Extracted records

- Opening Delimiter -

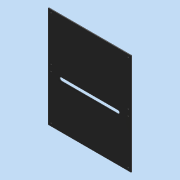
# Autodesk Inventor part: FrameTop
Saved by Autodesk Inventor 2016 (Build 200138000, 138)
## iProperties
Created: 2016-08-20
Part Number: FrameTop
Material: Dibond
Document SubType Name: Modeling
Designer: Sam
Density: 1 g/cm^3
Appearance: Generic
Author: Sam
Autodesk Inventor part; units mm, degrees
ref_plane "YZ Plane" through (0, 0, 0) normal (1, 0, 0) x (0, 1, 0)
ref_plane "XZ Plane" through (0, 0, 0) normal (0, 1, 0) x (-1, 0, 0)
ref_plane "XY Plane" through (0, 0, 0) normal (0, 0, 1) x (1, 0, 0)
sketch "Sketch1" plane through (0, 0, 0) normal (0, 1, 0) x (-1, 0, 0)
  line L0 (0, 0) -> (360, 0)
  line L1 (360, 0) -> (360, -440)
  line L2 (360, -440) -> (0, -440)
  line L3 (0, -440) -> (0, 0)
  dimension "d0" = 360
  dimension "d1" = 440
  constraints: 8 end point, 2 parallel, 1 horizontal, 1 perpendicular
  measures "d0" distance of L1.end L2.end
  measures "d1" distance of L0.end L1.end
extrude "Extrusion1" add sketch "Sketch1" along normal blind 3
hole "Hole1" at (-12, 3, -12) direction (0, -1, 0) diameter 4 end through all
hole "Hole2" at (-348, 3, -12) direction (0, -1, 0) diameter 4 end through all
hole "Hole3" at (-348, 3, -428) direction (0, -1, 0) diameter 4 end through all
hole "Hole4" at (-12, 3, -428) direction (0, -1, 0) diameter 4 end through all
hole "Hole5" at (-12, 3, -206.5) direction (0, -1, 0) diameter 4 end through all
hole "Hole6" at (-12, 3, -233.5) direction (0, -1, 0) diameter 4 end through all
hole "Hole7" at (-348, 3, -206.5) direction (0, -1, 0) diameter 4 end through all
hole "Hole8" at (-348, 3, -233.5) direction (0, -1, 0) diameter 4 end through all
sketch "Sketch2" plane through (0, 3, 0) normal (0, 1, 0) x (1, 0, 0)
  line L0 (-360, 440) -> (-360, 0) projected
  line L1 (-360, 220) -> (0, 220)
  line L2 (0, 440) -> (0, 0) projected
  line L3 (-310, 240) -> (-50, 240) construction
  line L4 (-303, 233) -> (-57, 233)
  line L5 (-57, 247) -> (-303, 247)
  arc A0 (-303, 247) -> (-303, 233) centre (-303, 240) ccw
  arc A1 (-57, 233) -> (-57, 247) centre (-57, 240) ccw
  point P0 (-180, 240)
  constraints: 10 end point, 6 point on circle, 4 tangent, 3 midpoint, 2 centre point, 2 point on line, 1 parallel, 1 perpendicular
extrude "Extrusion2" cut sketch "Sketch2" against normal blind 3
fillet "Fillet1" radius 2 4 edges at (-50, 3, -240) (-180, 3, -233) (-310, 3, -240) (-180, 3, -247)
body "Solid1"

- Closing Delimiter -

Directions: Output all of the entries once more, word for word, with the images removed.

Solution below:
# Autodesk Inventor part: FrameTop
Saved by Autodesk Inventor 2016 (Build 200138000, 138)
## iProperties
Created: 2016-08-20
Part Number: FrameTop
Material: Dibond
Document SubType Name: Modeling
Designer: Sam
Density: 1 g/cm^3
Appearance: Generic
Author: Sam
Autodesk Inventor part; units mm, degrees
ref_plane "YZ Plane" through (0, 0, 0) normal (1, 0, 0) x (0, 1, 0)
ref_plane "XZ Plane" through (0, 0, 0) normal (0, 1, 0) x (-1, 0, 0)
ref_plane "XY Plane" through (0, 0, 0) normal (0, 0, 1) x (1, 0, 0)
sketch "Sketch1" plane through (0, 0, 0) normal (0, 1, 0) x (-1, 0, 0)
  line L0 (0, 0) -> (360, 0)
  line L1 (360, 0) -> (360, -440)
  line L2 (360, -440) -> (0, -440)
  line L3 (0, -440) -> (0, 0)
  dimension "d0" = 360
  dimension "d1" = 440
  constraints: 8 end point, 2 parallel, 1 horizontal, 1 perpendicular
  measures "d0" distance of L1.end L2.end
  measures "d1" distance of L0.end L1.end
extrude "Extrusion1" add sketch "Sketch1" along normal blind 3
hole "Hole1" at (-12, 3, -12) direction (0, -1, 0) diameter 4 end through all
hole "Hole2" at (-348, 3, -12) direction (0, -1, 0) diameter 4 end through all
hole "Hole3" at (-348, 3, -428) direction (0, -1, 0) diameter 4 end through all
hole "Hole4" at (-12, 3, -428) direction (0, -1, 0) diameter 4 end through all
hole "Hole5" at (-12, 3, -206.5) direction (0, -1, 0) diameter 4 end through all
hole "Hole6" at (-12, 3, -233.5) direction (0, -1, 0) diameter 4 end through all
hole "Hole7" at (-348, 3, -206.5) direction (0, -1, 0) diameter 4 end through all
hole "Hole8" at (-348, 3, -233.5) direction (0, -1, 0) diameter 4 end through all
sketch "Sketch2" plane through (0, 3, 0) normal (0, 1, 0) x (1, 0, 0)
  line L0 (-360, 440) -> (-360, 0) projected
  line L1 (-360, 220) -> (0, 220)
  line L2 (0, 440) -> (0, 0) projected
  line L3 (-310, 240) -> (-50, 240) construction
  line L4 (-303, 233) -> (-57, 233)
  line L5 (-57, 247) -> (-303, 247)
  arc A0 (-303, 247) -> (-303, 233) centre (-303, 240) ccw
  arc A1 (-57, 233) -> (-57, 247) centre (-57, 240) ccw
  point P0 (-180, 240)
  constraints: 10 end point, 6 point on circle, 4 tangent, 3 midpoint, 2 centre point, 2 point on line, 1 parallel, 1 perpendicular
extrude "Extrusion2" cut sketch "Sketch2" against normal blind 3
fillet "Fillet1" radius 2 4 edges at (-50, 3, -240) (-180, 3, -233) (-310, 3, -240) (-180, 3, -247)
body "Solid1"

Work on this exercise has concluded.